Ihr habt das sicher schon bei Sportnachrichten bzw. Nachrichten gesehen, dass das Logo weg retuschiert wurde!

Nun meine Frage:

1) Mit welchen Programmen funktioniert das?
2) Gibt es ein Tutorial dazu bzw. Kurzanleitung/ Vorgehensweise.

Zum Film-Format:
Die Filme liegen als Avi (DivX) bzw.
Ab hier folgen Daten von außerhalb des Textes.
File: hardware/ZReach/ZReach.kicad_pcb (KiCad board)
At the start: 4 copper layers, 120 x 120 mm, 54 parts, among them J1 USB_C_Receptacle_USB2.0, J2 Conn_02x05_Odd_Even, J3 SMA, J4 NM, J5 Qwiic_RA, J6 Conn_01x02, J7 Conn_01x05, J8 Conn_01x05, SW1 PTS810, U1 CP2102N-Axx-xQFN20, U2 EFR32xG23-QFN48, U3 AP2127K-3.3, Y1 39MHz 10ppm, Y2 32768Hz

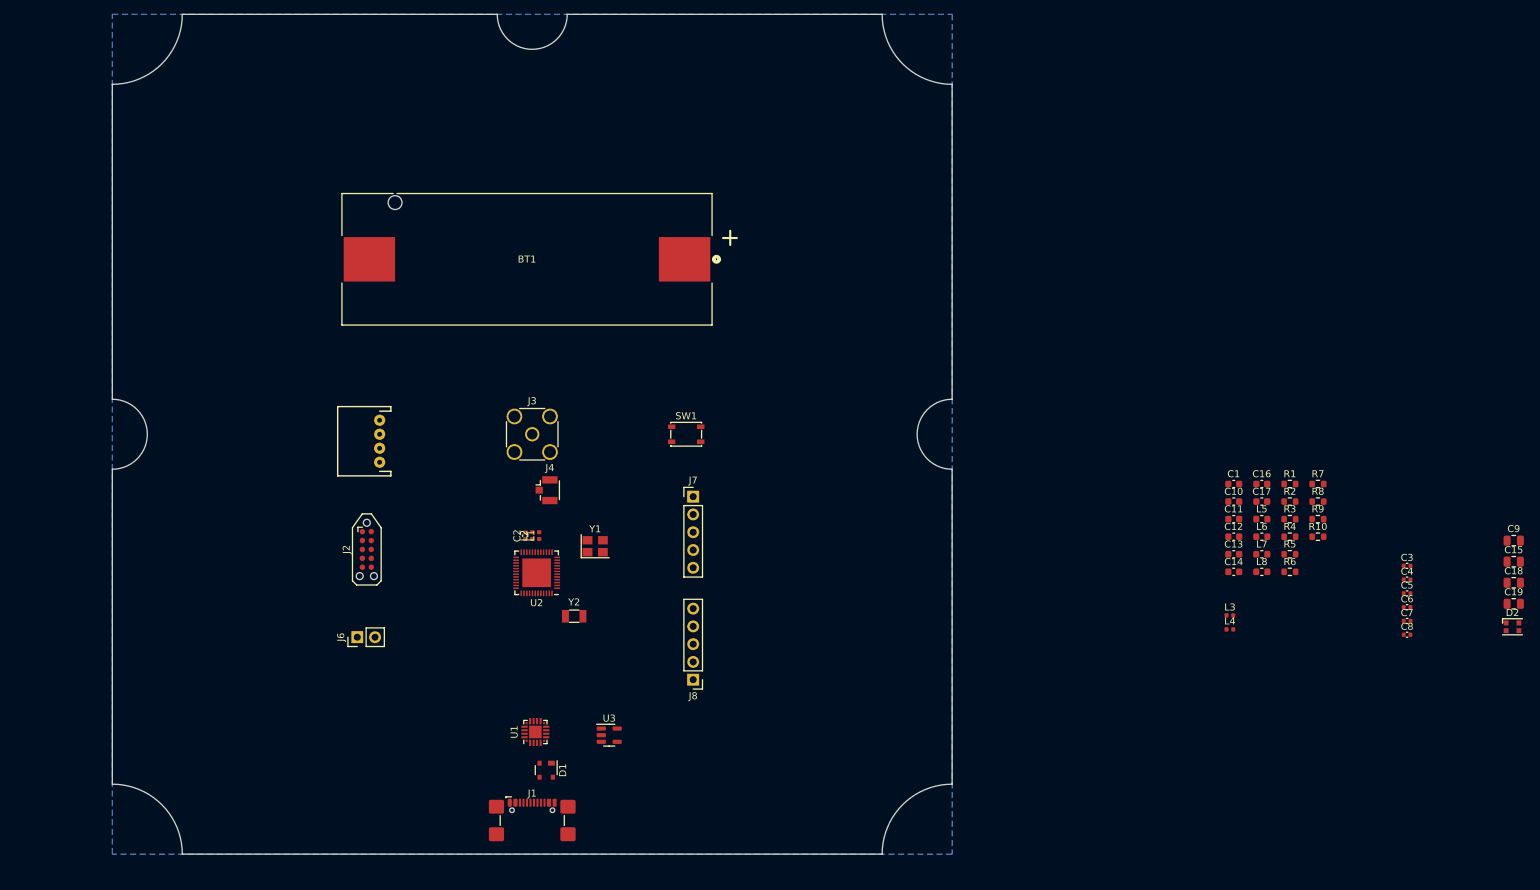
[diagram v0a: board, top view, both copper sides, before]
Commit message: PCB Layout DRC clean but needs more cleanup
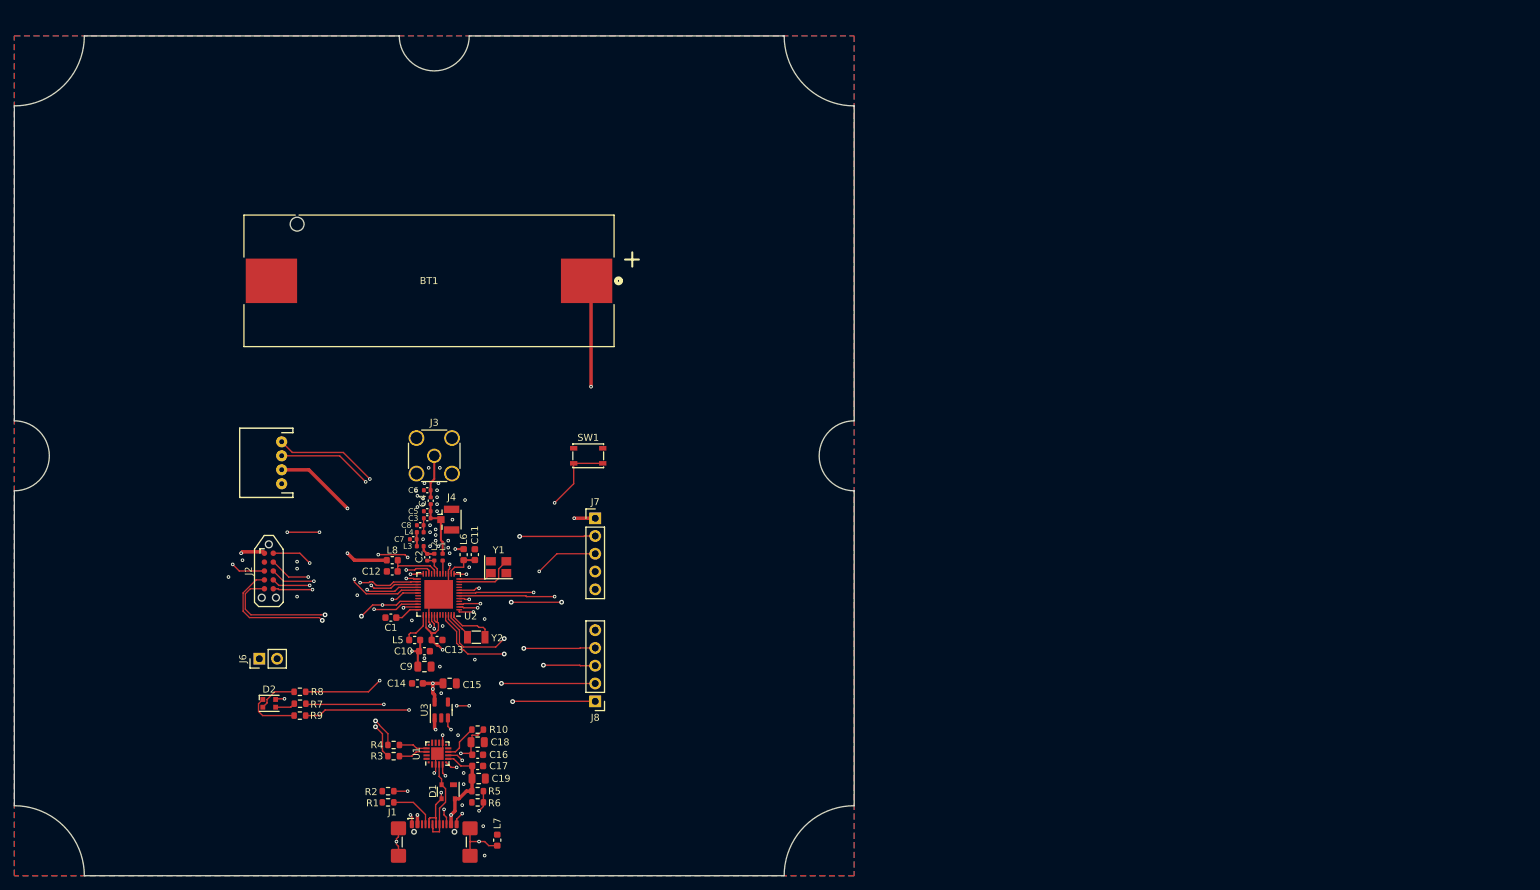
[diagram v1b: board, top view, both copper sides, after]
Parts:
- moved D2 178.0 mm to (177.4, 123.5)
- moved C9 156.7 mm to (199.6, 118.2), turned to 180 degrees
- moved C15 153.0 mm to (203.2, 120.6), turned to 180 degrees
- moved C19 150.0 mm to (207.3, 134.2), turned to 180 degrees
- moved C18 149.8 mm to (207.2, 129.0), turned to 180 degrees
- moved R7 148.8 mm to (181.8, 123.5)
- moved R9 148.2 mm to (181.8, 125.2)
- moved R8 148.0 mm to (181.8, 121.8)
- moved C7 142.5 mm to (198.0, 100.0), turned to 180 degrees
- moved C8 141.9 mm to (199.0, 98.0), turned to 180 degrees
- moved C6 141.0 mm to (200.0, 93.0)
- moved C5 140.5 mm to (200.0, 96.0)
- moved C3 140.2 mm to (200.0, 97.0)
- moved C4 140.0 mm to (200.5, 94.5), turned to 90 degrees
- moved R1 136.7 mm to (194.4, 137.6), turned to 180 degrees
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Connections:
- J7 pad 1: /PB03 -> +3.3V
- U2 pad 21: /PB03 -> unconnected-(U2-PB03-Pad21)
- U2 pad 23: /LED_RED -> unconnected-(U2-PB01-Pad23)
- U2 pad 35: unconnected-(U2-PA10-Pad35) -> /LED_RED
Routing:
- net +3.3V: track 0.00 -> 173.3 mm, vias 0 -> 9
- net /VCOMRX: track 0.00 -> 54.0 mm, vias 0 -> 3
- net /VCOMTX: track 0.00 -> 52.5 mm, vias 0 -> 4
- net /~{RESET}: track 0.00 -> 46.1 mm, vias 0 -> 6
- net /LED_BLUE: track 0.00 -> 40.6 mm, vias 0 -> 4
- net /VBUS_5V: track 0.00 -> 38.3 mm, vias 0 -> 4
- net /~{LEARN}: track 0.00 -> 38.0 mm, vias 0 -> 2
- net /I2CSCL: track 0.00 -> 32.7 mm, vias 0 -> 2
- net /I2CSDA: track 0.00 -> 32.5 mm, vias 0 -> 2
- net /PD02: track 0.00 -> 32.0 mm, vias 0 -> 3
- net /PC01: track 0.00 -> 30.0 mm, vias 0 -> 2
- net /LED_GREEN: track 0.00 -> 29.1 mm, vias 0 -> 2
- net /PC02: track 0.00 -> 29.1 mm, vias 0 -> 2
- net /PC06: track 0.00 -> 29.1 mm, vias 0 -> 2
- net /LED_RED: track 0.00 -> 28.3 mm, vias 0 -> 2
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- added copper zone on F.Cu, net GND
- added copper zone on In1.Cu, net GND
- added copper zone on In2.Cu, net GND
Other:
- rule pad_to_mask_clearance: 0 -> 0.0508
- board text added: "NOTES - UNLESS OTHERWISE SPECIFIED: FABRICATE TO MEET OR EXCEED THE REQUIREMENTS OF IPC-6012 FOR CLASS 2 AS DEFINED IN IPC-6011. MINIMUM TRACE WIDTH .008, MINIMUM CLEARANCE .008 mil MATERIAL: LAMINATE FLAME RETARDANT EPOXY-GLASS PER IPC-4101/126, 170 DEGREE C MINIMUM Tg, DECOMPOSITION TEMPERATURE 340 DEGREES C MINIMUM, T288 DELAMINATION TIME OF 35 MINUTES MINIMUM, MAXIMUM THICKNESS EXPANSION OF 3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"

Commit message: Rev A PCB released for fabrication
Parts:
- added Fid1: Fiducial_0.5mm_Mask1mm, Fiducial:Fiducial_0.5mm_Mask1mm, F.Cu at (223.0, 145.2)
- added Fid2: Fiducial_0.5mm_Mask1mm, Fiducial:Fiducial_0.5mm_Mask1mm, F.Cu at (174.4, 74.6)
- added QWIICLOGO: LOGO, ZReach:QWIIC, F.Cu at (170.4, 88.8)
- added ZWA: LOGO, ZReach:ZWA_Logo, F.Cu at (174.2, 138.8)
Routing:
- net +3.3V: track 173.3 -> 172.6 mm
- net GND: vias 52 -> 186
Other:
- board text added: "+3.3V"
- board text added: "GND"
- board text added: "INCLUDE"
- board text added: "LAYER STACKUP File Name Silkscreen TOP *.GTO Solder Mask TOP *.GTS 1 Signal Layer TOP 1.0 OZ Cu *.GTL prepreg - 0.008{dblquote} +/-.001{dblquote} 2 Signal Layer L1 1.0 OZ Cu *.G2 CORE - 0.039{dblquote} +/-.004{dblquote} 3 Signal Layer L2 1.0 OZ Cu *.G3 prepreg - 0.008{dblquote} +/-.001{dblquote} 4 Signal Layer BOT 1.0 OZ Cu *.GBL Solder Mask BOT *.GBS Silkscreen Bottom *.GBO Stencil TOP *.GTP Edg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"
- board text added: "PC00"
- board text added: "PC01"
- board text added: "PC02"
- board text added: "PC06"
- board text added: "PC07"
- board text added: "PD02"
- board text added: "PD03"
- board text added: "Z-Reach Z-Wave Controller Reference Design Revision A"

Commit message: Rev B PCB release
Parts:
- added SW2: PTS810, Button_Switch_SMD:SW_SPST_PTS810, F.Cu at (182.0, 96.5)
- C2: renamed from C12; footprint Capacitor_SMD:C_0603_1608Metric -> Capacitor_SMD:C_0402_1005Metric
- C3: renamed from C11; footprint Capacitor_SMD:C_0603_1608Metric -> Capacitor_SMD:C_0402_1005Metric
- D1: renamed from D2; value LED_BGRK -> QLSP14RGB_B; footprint LED_SMD:LED_WS2812B-2020_PLCC4_2.0x2.0mm -> ZReach:LED_QLSP14RGB
- J1: renamed from J5; footprint ZReach:JST_PTH-4 -> Connector_JST:JST_SH_SM04B-SRSS-TB_1x04-1MP_P1.00mm_Horizontal
- J2: renamed from J3; value SMA -> Conn_Coaxial
- J4: value NM -> Conn_Coaxial
- J8: renamed from J1; value USB_C_Receptacle_USB2.0 -> USB_C_Receptacle_USB2.0_16P
- U1: renamed from U2; value EFR32xG23-QFN48 -> EFR32xG23xxxxF512xM48; footprint Package_DFN_QFN:VQFN-48-1EP_6x6mm_P0.4mm_EP4.1x4.1mm -> Package_DFN_QFN:QFN-48-1EP_6x6mm_P0.4mm_EP4.3x4.3mm
- U3: renamed from U1; value CP2102N-Axx-xQFN20 -> CP2102N-Axx-xQFN24; footprint Package_DFN_QFN:SiliconLabs_QFN-20-1EP_3x3mm_P0.5mm_EP1.8x1.8mm -> Package_DFN_QFN:QFN-24-1EP_4x4mm_P0.5mm_EP2.6x2.6mm
- moved J1 3.43 mm to (175.8, 88.6), turned to -90 degrees
- moved R2 2.03 mm to (181.5, 121.5)
- moved R3 1.73 mm to (181.5, 123.5)
- moved D2 0.50 mm to (202.5, 136.1)
- moved U3 0.47 mm to (201.0, 130.5)
- moved R1 0.30 mm to (181.5, 125.2)
- moved L6 0.20 mm to (202.4, 102.6)
- moved C3 0.20 mm to (206.8, 102.4)
- moved C2 0.20 mm to (195.2, 104.6)
- turned Y1 to 180 degrees
- renumbered C5 to C1, C6 to C10, C14 to C11, C15 to C12, C18 to C13, C19 to C14, C13 to C15, C17 to C16, C9 to C17, C10 to C18, C16 to C19, C8 to C5, C1 to C6, C3 to C7, C7 to C8, C2 to C9, D1 to D2, Fid2 to Fid1, Fid1 to Fid2, J2 to J3, J7 to J5, J8 to J7, L8 to L1, L3 to L2, L4 to L3, L2 to L4, L6 to L5, L1 to L6, L5 to L7, L7 to L8, R9 to R1, R1 to R10, R7 to R2, R8 to R3, R3 to R4, R4 to R5, R5 to R7, R2 to R8, R10 to R9, U3 to U2, Y2 to Y1, Y1 to Y2
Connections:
- C13 pad 2: Net-(U1-VDD) -> Net-(U3-VDD)
- C19 pad 2: Net-(U1-VDD) -> Net-(U3-VDD)
- D1 pad 1: Net-(D2-BA) -> Net-(D1-GK)
- D1 pad 2: Net-(D2-GA) -> Net-(D1-RK)
- D1 pad 3: Net-(D2-RA) -> +3.3V
- D1 pad 4: +3.3V -> Net-(D1-BK)
- R1 pad 1: Net-(D2-BA) -> Net-(D1-RK)
- R2 pad 1: Net-(D2-RA) -> Net-(D1-BK)
- R3 pad 1: Net-(D2-GA) -> Net-(D1-GK)
- R4 pad 1: Net-(U1-TXD) -> Net-(U3-TXD)
- R5 pad 1: Net-(U1-RXD) -> Net-(U3-RXD)
- R9 pad 2: Net-(U1-VDD) -> Net-(U3-VDD)
- U1 pad 29: /TD1 -> /TCLK
- U1 pad 30: /TCLK -> /TD1
- U1 pad 47: Net-(U2-PD01_LFXI) -> Net-(U1-PD01_LFXI)
- U1 pad 48: Net-(U2-PD00_LFXO) -> Net-(U1-PD00_LFXO)
- U3 pad 12: GND -> unconnected-(U3-RS485/GPIO.2-Pad12)
- U3 pad 17: Net-(U1-RXD) -> unconnected-(U3-SUSPEND-Pad17)
- U3 pad 18: Net-(U1-TXD) -> unconnected-(U3-~{CTS}-Pad18)
- U3 pad 2: unconnected-(U1-CLK/GPIO.0-Pad2) -> GND
- U3 pad 20: unconnected-(U1-~{TXT}/GPIO.2-Pad20) -> Net-(U3-RXD)
- U3 pad 21: GND -> Net-(U3-TXD)
- U3 pad 3: GND -> /DPLUS
- U3 pad 4: /DPLUS -> /DMINUS
- U3 pad 5: /DMINUS -> Net-(U3-VDD)
- U3 pad 6: Net-(U1-VDD) -> Net-(U3-VDD)
- Y1 pad 1: Net-(U2-PD00_LFXO) -> Net-(U1-PD01_LFXI)
- Y1 pad 2: Net-(U2-PD01_LFXI) -> Net-(U1-PD00_LFXO)
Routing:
- net Net-(U3-VDD): track 0.00 -> 13.1 mm, vias 0 -> 2
- net Net-(U1-VDD): track 10.6 -> 0.00 mm, vias 2 -> 0
- net +3.3V: track 172.6 -> 180.1 mm
- net Net-(D2-BA): track 7.29 -> 0.00 mm
- net Net-(U2-PD00_LFXO): track 6.61 -> 0.00 mm
- net Net-(U1-PD00_LFXO): track 0.00 -> 6.61 mm
- net Net-(D2-GA): track 5.67 -> 0.00 mm
- net Net-(D1-RK): track 0.00 -> 4.90 mm
- net Net-(U2-PD01_LFXI): track 4.17 -> 0.00 mm
- net Net-(U1-PD01_LFXI): track 0.00 -> 4.17 mm
- net Net-(U1-TXD): track 4.13 -> 0.00 mm
- net Net-(U1-RXD): track 4.07 -> 0.00 mm
- net /LED_GREEN: track 29.1 -> 32.8 mm
- net Net-(U3-TXD): track 0.00 -> 3.35 mm
- net Net-(U3-RXD): track 0.00 -> 3.18 mm
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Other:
- board text added: "3V3"
- board text added: "RST"
- board text added: "RX"
- board text added: "SWCLK"
- board text added: "SWDIO"
- board text added: "SWO"
- board text added: "TCLK"
- board text added: "TD1"
- board text added: "TX"
- board text added: "Z-Reach Z-Wave Controller Reference Design Revision B"
- board text removed: "Z-Reach Z-Wave Controller Reference Design Revision A"

Svcd (Mpeg2) vor!

Für jeden Hinweis wäre ich dankbar.

Viele Grüße
Andichrist


----------



## kasper (25. Februar 2004)

So etwas kann man mit  VirtualDub und den DeLogo-Filter machen.
Such mal mit Google nach "DeLogo virtualdub". Eine Anleitung ist auch dabei gewesen.


Übrigens solltest du deinen anderen identischen Beitrag im Videodesign-Bereich löschen oder sperren, den Doppelbeiträge werden im Foren nicht gern gesehen.


----------



## Andichrist (25. Februar 2004)

Hallo,

danke für die Auskunft! 

Ergänzend zu dem VirtualDub-Filter "DeLogo", gibt es noch den Filter "LogoAway"!

Have fun 

CU
Andichrist


----------